To summarize by quoting from wikipedia's list of features:

  • Small - can compile and execute C code everywhere, for example on rescue disks (about 100KB for x86 TCC executable, including C preprocessor, C compiler, assembler and linker).
  • Fast - tcc generates optimized x86 code. No byte code overhead. It compiles, assembles and links about 9 times faster than GCC.
  • Any C dynamic library can be used directly. TCC is heading towards full ISOC99 compliance. TCC can of course compile itself.
  • Includes an optional memory and bound checker. Bound checked code can be mixed freely with standard code.
  • Compile and execute C source directly. No linking or assembly necessary. Full C preprocessor and GNU-like assembler included.
  • C script is supported: just add '#!/usr/local/bin/tcc -run' at the first line of your C source, and execute it directly from the command line.
  • With libtcc, you can use TCC as a backend for dynamic code generation.
  • Few dependencies. It includes its own hand-written lexer, and it is implemented using a recursive descent parser. Thus, building TCC requires few other libraries.
  • Its LGPL license permits anyone to use, modify, and/or redistribute the software, and it can be used to develop either open source or proprietary software.

Hope this helps and would be of use, Best regards, Tom.

Lynn answered 26/1, 2010 at 2:10 Comment(0)
P
1

Every somewhat modern Windows version comes pre-installed with both VBScript and JScript. The doesn't meet all your features (compile to an executable comes to mind), but they certainly have an unbeatable advantage with the installation size: it's hard to beat 0.

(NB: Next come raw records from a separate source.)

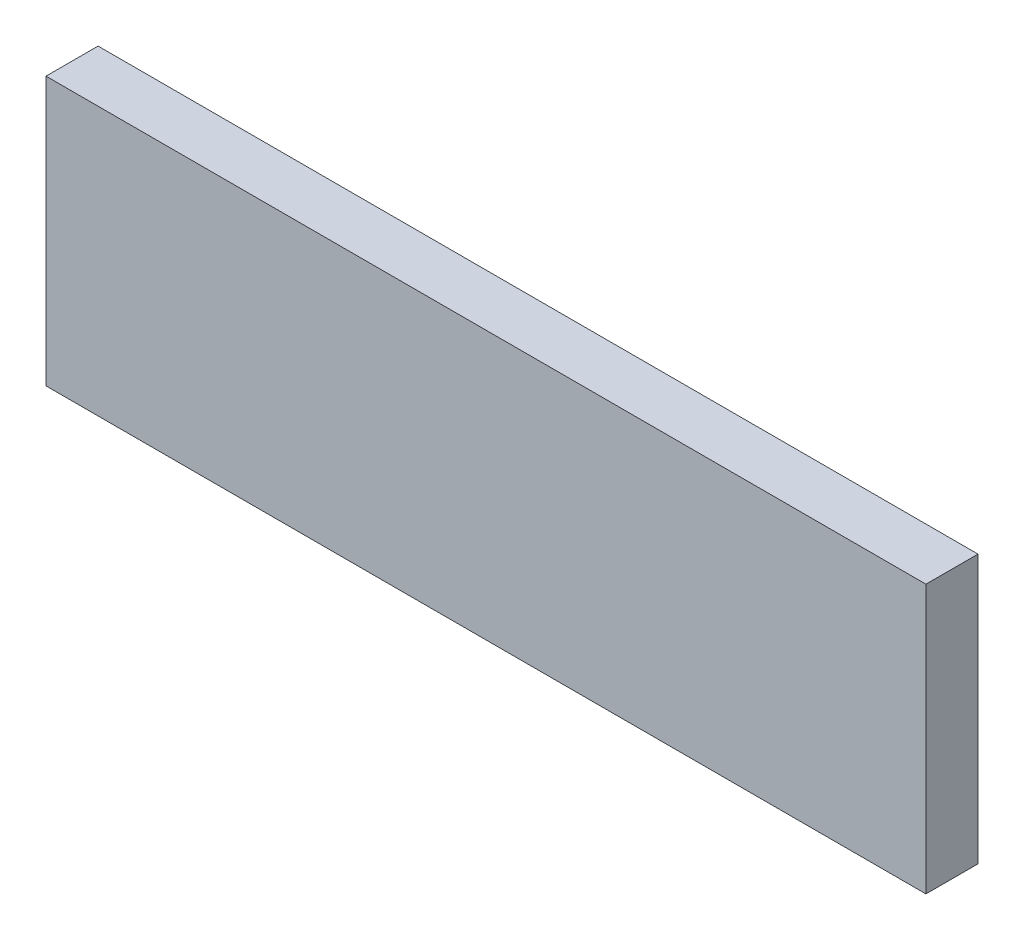
ISO-10303-21;
HEADER;
FILE_DESCRIPTION(('STEP AP214'),'2;1');
FILE_NAME('part.step','',(''),(''),'','','');
FILE_SCHEMA(('AUTOMOTIVE_DESIGN { 1 0 10303 214 1 1 1 1 }'));
ENDSEC;
DATA;
#1=APPLICATION_CONTEXT('core data for automotive mechanical design processes');
#2=APPLICATION_PROTOCOL_DEFINITION('international standard','automotive_design',2000,#1);
#3=PRODUCT_CONTEXT('',#1,'mechanical');
#4=PRODUCT('Part','Part','',(#3));
#5=PRODUCT_RELATED_PRODUCT_CATEGORY('part','',(#4));
#6=PRODUCT_DEFINITION_FORMATION('','',#4);
#7=PRODUCT_DEFINITION_CONTEXT('part definition',#1,'design');
#8=PRODUCT_DEFINITION('design','',#6,#7);
#9=PRODUCT_DEFINITION_SHAPE('','',#8);
#10=(LENGTH_UNIT() NAMED_UNIT(*) SI_UNIT(.MILLI.,.METRE.));
#11=(NAMED_UNIT(*) PLANE_ANGLE_UNIT() SI_UNIT($,.RADIAN.));
#12=(NAMED_UNIT(*) SI_UNIT($,.STERADIAN.) SOLID_ANGLE_UNIT());
#13=UNCERTAINTY_MEASURE_WITH_UNIT(LENGTH_MEASURE(1.E-05),#10,'distance_accuracy_value','');
#14=(GEOMETRIC_REPRESENTATION_CONTEXT(3) GLOBAL_UNCERTAINTY_ASSIGNED_CONTEXT((#13)) GLOBAL_UNIT_ASSIGNED_CONTEXT((#10,
#11,#12)) REPRESENTATION_CONTEXT('',''));
#15=CARTESIAN_POINT('',(0.,0.,0.));
#16=DIRECTION('',(0.,0.,1.));
#17=DIRECTION('',(1.,0.,0.));
#18=AXIS2_PLACEMENT_3D('',#15,#16,#17);
#19=CARTESIAN_POINT('',(22.3843412182742,-5.45939936918301,2.54));
#20=DIRECTION('',(-1.,0.,0.));
#21=DIRECTION('',(0.,0.,1.));
#22=AXIS2_PLACEMENT_3D('',#19,#20,#21);
#23=PLANE('',#22);
#24=DIRECTION('',(0.,1.,0.));
#25=VECTOR('',#24,1.);
#26=CARTESIAN_POINT('',(22.3843412182742,-5.45939936918301,0.));
#27=LINE('',#26,#25);
#28=CARTESIAN_POINT('',(22.3843412182742,-18.5448221959597,0.));
#29=VERTEX_POINT('',#28);
#30=CARTESIAN_POINT('',(22.3843412182742,-5.45939936918301,0.));
#31=VERTEX_POINT('',#30);
#32=EDGE_CURVE('E104',#29,#31,#27,.T.);
#33=ORIENTED_EDGE('',*,*,#32,.T.);
#34=DIRECTION('',(0.,0.,-1.));
#35=VECTOR('',#34,1.);
#36=CARTESIAN_POINT('',(22.3843412182742,-5.45939936918301,2.54));
#37=LINE('',#36,#35);
#38=CARTESIAN_POINT('',(22.3843412182742,-5.45939936918301,2.54));
#39=VERTEX_POINT('',#38);
#40=EDGE_CURVE('E11',#39,#31,#37,.T.);
#41=ORIENTED_EDGE('',*,*,#40,.F.);
#42=DIRECTION('',(0.,1.,0.));
#43=VECTOR('',#42,1.);
#44=CARTESIAN_POINT('',(22.3843412182742,-5.45939936918301,2.54));
#45=LINE('',#44,#43);
#46=CARTESIAN_POINT('',(22.3843412182742,-18.5448221959597,2.54));
#47=VERTEX_POINT('',#46);
#48=EDGE_CURVE('E92',#47,#39,#45,.T.);
#49=ORIENTED_EDGE('',*,*,#48,.F.);
#50=DIRECTION('',(0.,0.,-1.));
#51=VECTOR('',#50,1.);
#52=CARTESIAN_POINT('',(22.3843412182742,-18.5448221959597,2.54));
#53=LINE('',#52,#51);
#54=EDGE_CURVE('E100',#47,#29,#53,.T.);
#55=ORIENTED_EDGE('',*,*,#54,.T.);
#56=EDGE_LOOP('',(#33,#41,#49,#55));
#57=FACE_BOUND('',#56,.T.);
#58=ADVANCED_FACE('F41',(#57),#23,.F.);
#59=CARTESIAN_POINT('',(22.3843412182742,-5.45939936918301,2.54));
#60=DIRECTION('',(0.,-1.,0.));
#61=DIRECTION('',(0.,0.,-1.));
#62=AXIS2_PLACEMENT_3D('',#59,#60,#61);
#63=PLANE('',#62);
#64=DIRECTION('',(-1.,0.,0.));
#65=VECTOR('',#64,1.);
#66=CARTESIAN_POINT('',(22.3843412182742,-5.45939936918301,0.));
#67=LINE('',#66,#65);
#68=CARTESIAN_POINT('',(-20.5358456535535,-5.45939936918301,0.));
#69=VERTEX_POINT('',#68);
#70=EDGE_CURVE('E96',#31,#69,#67,.T.);
#71=ORIENTED_EDGE('',*,*,#70,.T.);
#72=DIRECTION('',(0.,0.,-1.));
#73=VECTOR('',#72,1.);
#74=CARTESIAN_POINT('',(-20.5358456535535,-5.45939936918301,2.54));
#75=LINE('',#74,#73);
#76=CARTESIAN_POINT('',(-20.5358456535535,-5.45939936918301,2.54));
#77=VERTEX_POINT('',#76);
#78=EDGE_CURVE('E49',#77,#69,#75,.T.);
#79=ORIENTED_EDGE('',*,*,#78,.F.);
#80=DIRECTION('',(-1.,0.,0.));
#81=VECTOR('',#80,1.);
#82=CARTESIAN_POINT('',(22.3843412182742,-5.45939936918301,2.54));
#83=LINE('',#82,#81);
#84=EDGE_CURVE('E87',#39,#77,#83,.T.);
#85=ORIENTED_EDGE('',*,*,#84,.F.);
#86=ORIENTED_EDGE('',*,*,#40,.T.);
#87=EDGE_LOOP('',(#71,#79,#85,#86));
#88=FACE_BOUND('',#87,.T.);
#89=ADVANCED_FACE('F95',(#88),#63,.F.);
#90=CARTESIAN_POINT('',(-20.5358456535535,-5.45939936918301,2.54));
#91=DIRECTION('',(1.,0.,0.));
#92=DIRECTION('',(0.,0.,-1.));
#93=AXIS2_PLACEMENT_3D('',#90,#91,#92);
#94=PLANE('',#93);
#95=DIRECTION('',(0.,-1.,0.));
#96=VECTOR('',#95,1.);
#97=CARTESIAN_POINT('',(-20.5358456535535,-5.45939936918301,0.));
#98=LINE('',#97,#96);
#99=CARTESIAN_POINT('',(-20.5358456535535,-18.5448221959597,0.));
#100=VERTEX_POINT('',#99);
#101=EDGE_CURVE('E74',#69,#100,#98,.T.);
#102=ORIENTED_EDGE('',*,*,#101,.T.);
#103=DIRECTION('',(0.,0.,-1.));
#104=VECTOR('',#103,1.);
#105=CARTESIAN_POINT('',(-20.5358456535535,-18.5448221959597,2.54));
#106=LINE('',#105,#104);
#107=CARTESIAN_POINT('',(-20.5358456535535,-18.5448221959597,2.54));
#108=VERTEX_POINT('',#107);
#109=EDGE_CURVE('E97',#108,#100,#106,.T.);
#110=ORIENTED_EDGE('',*,*,#109,.F.);
#111=DIRECTION('',(0.,-1.,0.));
#112=VECTOR('',#111,1.);
#113=CARTESIAN_POINT('',(-20.5358456535535,-5.45939936918301,2.54));
#114=LINE('',#113,#112);
#115=EDGE_CURVE('E90',#77,#108,#114,.T.);
#116=ORIENTED_EDGE('',*,*,#115,.F.);
#117=ORIENTED_EDGE('',*,*,#78,.T.);
#118=EDGE_LOOP('',(#102,#110,#116,#117));
#119=FACE_BOUND('',#118,.T.);
#120=ADVANCED_FACE('F98',(#119),#94,.F.);
#121=CARTESIAN_POINT('',(22.3843412182742,-18.5448221959597,2.54));
#122=DIRECTION('',(0.,1.,0.));
#123=DIRECTION('',(0.,0.,1.));
#124=AXIS2_PLACEMENT_3D('',#121,#122,#123);
#125=PLANE('',#124);
#126=DIRECTION('',(1.,0.,0.));
#127=VECTOR('',#126,1.);
#128=CARTESIAN_POINT('',(22.3843412182742,-18.5448221959597,0.));
#129=LINE('',#128,#127);
#130=EDGE_CURVE('E80',#100,#29,#129,.T.);
#131=ORIENTED_EDGE('',*,*,#130,.T.);
#132=ORIENTED_EDGE('',*,*,#54,.F.);
#133=DIRECTION('',(1.,0.,0.));
#134=VECTOR('',#133,1.);
#135=CARTESIAN_POINT('',(22.3843412182742,-18.5448221959597,2.54));
#136=LINE('',#135,#134);
#137=EDGE_CURVE('E57',#108,#47,#136,.T.);
#138=ORIENTED_EDGE('',*,*,#137,.F.);
#139=ORIENTED_EDGE('',*,*,#109,.T.);
#140=EDGE_LOOP('',(#131,#132,#138,#139));
#141=FACE_BOUND('',#140,.T.);
#142=ADVANCED_FACE('F111',(#141),#125,.F.);
#143=CARTESIAN_POINT('',(0.,0.,2.54));
#144=DIRECTION('',(0.,0.,-1.));
#145=DIRECTION('',(-1.,0.,0.));
#146=AXIS2_PLACEMENT_3D('',#143,#144,#145);
#147=PLANE('',#146);
#148=ORIENTED_EDGE('',*,*,#48,.T.);
#149=ORIENTED_EDGE('',*,*,#84,.T.);
#150=ORIENTED_EDGE('',*,*,#115,.T.);
#151=ORIENTED_EDGE('',*,*,#137,.T.);
#152=EDGE_LOOP('',(#148,#149,#150,#151));
#153=FACE_BOUND('',#152,.T.);
#154=ADVANCED_FACE('F88',(#153),#147,.F.);
#155=CARTESIAN_POINT('',(0.,0.,0.));
#156=DIRECTION('',(0.,0.,-1.));
#157=DIRECTION('',(-1.,0.,0.));
#158=AXIS2_PLACEMENT_3D('',#155,#156,#157);
#159=PLANE('',#158);
#160=ORIENTED_EDGE('',*,*,#32,.F.);
#161=ORIENTED_EDGE('',*,*,#130,.F.);
#162=ORIENTED_EDGE('',*,*,#101,.F.);
#163=ORIENTED_EDGE('',*,*,#70,.F.);
#164=EDGE_LOOP('',(#160,#161,#162,#163));
#165=FACE_BOUND('',#164,.T.);
#166=ADVANCED_FACE('F114',(#165),#159,.T.);
#167=CLOSED_SHELL('',(#58,#89,#120,#142,#154,#166));
#168=MANIFOLD_SOLID_BREP('B2',#167);
#169=ADVANCED_BREP_SHAPE_REPRESENTATION('',(#18,#168),#14);
#170=SHAPE_DEFINITION_REPRESENTATION(#9,#169);
ENDSEC;
END-ISO-10303-21;

Powell answered 26/1, 2010 at 3:18 Comment(0)
P
0

In addition to the Lua suggestion, there is also Idle. It is basically a superset of Lua 5.1, with both the language (and libraries) and the implementation based on Lua. It was originally created to be a more complete scripting solution for Windows: because Lua is primarly intended for embedding, it has a rather small standard library and it is usually expected that the embedding application provides a rich library to Lua.

This makes sense for an embedded language, because, after all, there isn't much common functionality between, say Adobe Lightroom, Nginx and World of Warcraft, so there simply is nothing you can put in a standard library. But for a more general purpose OS scripting language, one would want a slightly larger library. Thus, Idle bundles a couple of libraries that are third-party (and sometimes hard to get to work on Windows) in Lua in its standard library.

Some of the things that the Idle standard library adds over Lua are tight Win32 integration, SQLite3 support, networking support, a PEG parser generator and archive support.

Also, Idle has support for embedding Perl and C code into your Idle programs.